Now, UT has issued a press release sharing that patient data was impacted. The press release shared that the following information may have been accessed: first and last names, medical record numbers, ages, dates of admission, allergies, services, resident assigned, parity, diagnoses, prenatal provider, laboratory results, medications, fetal or delivery details, contraception, type of infant feeding, and information about follow up care. 


Going deeper

When the initial breach happened to KMJ’s computer network server, the company brought in technical experts to erase and reformat the impacted hard drive.
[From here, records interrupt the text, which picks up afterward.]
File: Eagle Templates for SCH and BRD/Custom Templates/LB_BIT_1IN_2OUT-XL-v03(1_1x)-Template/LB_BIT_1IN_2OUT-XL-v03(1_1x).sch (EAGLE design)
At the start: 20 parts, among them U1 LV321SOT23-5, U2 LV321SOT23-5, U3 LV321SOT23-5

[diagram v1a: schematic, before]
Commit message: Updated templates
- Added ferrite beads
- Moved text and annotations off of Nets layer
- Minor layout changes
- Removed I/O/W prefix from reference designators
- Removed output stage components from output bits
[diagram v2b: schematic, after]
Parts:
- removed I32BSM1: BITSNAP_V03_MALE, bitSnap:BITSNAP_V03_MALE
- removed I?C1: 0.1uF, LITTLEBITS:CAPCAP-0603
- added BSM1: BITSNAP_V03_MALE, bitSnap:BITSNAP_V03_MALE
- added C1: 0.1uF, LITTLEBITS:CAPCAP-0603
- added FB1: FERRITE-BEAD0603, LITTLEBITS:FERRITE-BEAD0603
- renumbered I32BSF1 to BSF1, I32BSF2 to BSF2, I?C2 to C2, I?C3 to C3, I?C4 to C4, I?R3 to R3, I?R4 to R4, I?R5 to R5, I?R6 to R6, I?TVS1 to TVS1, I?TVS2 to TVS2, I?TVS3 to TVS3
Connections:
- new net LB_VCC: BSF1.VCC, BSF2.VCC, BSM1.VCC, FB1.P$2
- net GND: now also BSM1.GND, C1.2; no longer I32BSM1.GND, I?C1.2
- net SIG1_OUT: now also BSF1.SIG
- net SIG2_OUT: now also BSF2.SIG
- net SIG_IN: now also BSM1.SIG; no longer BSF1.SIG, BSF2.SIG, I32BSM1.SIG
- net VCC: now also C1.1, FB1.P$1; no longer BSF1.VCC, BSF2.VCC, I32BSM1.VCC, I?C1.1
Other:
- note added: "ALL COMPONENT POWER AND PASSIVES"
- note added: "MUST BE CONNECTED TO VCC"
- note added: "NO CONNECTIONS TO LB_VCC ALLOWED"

KMJ also brought in a third-party cybersecurity firm to investigate and assess the scope of the breach. 

The investigation was inconclusive; the firm was unable to definitively determine if there were any additional potential threats to KMJ’s computer systems.  

Adding to the complexity, KMJ received notice on January 18th, 2024, that the breach had been initiated against KMJ’s website host provider, Liquid Web. It’s unknown whether any data from KMJ’s server, such as PHI information, was downloaded or accessed. Information on the server spanned November 2014 to November 2023 and could impact patients who received care from ROH over that time period. 


What they said

In UT’s statement, the university shared that “KMJ’s internal team continues to work diligently to fortify their systems further. In response to the event, they have implemented new technical safeguards, including, without limitation, vulnerability scans, penetration testing, and configuration reviews.” 

UT is advising past patients to be on the lookout for letters, emails, phone calls, or other communications from unverified persons who may attempt to gain additional information. Lastly, UT stated they and their affiliates are “committed to safeguarding patients’ PHI and will continue to seek to enhance the privacy and security of all PHI in their care.”


Why it matters

This data breach stresses the complexity of information storage. Many organizations, like UT, work with other medical organizations and software companies. Even if UT had the highest levels of security, they were still impacted by security failures in other organizations.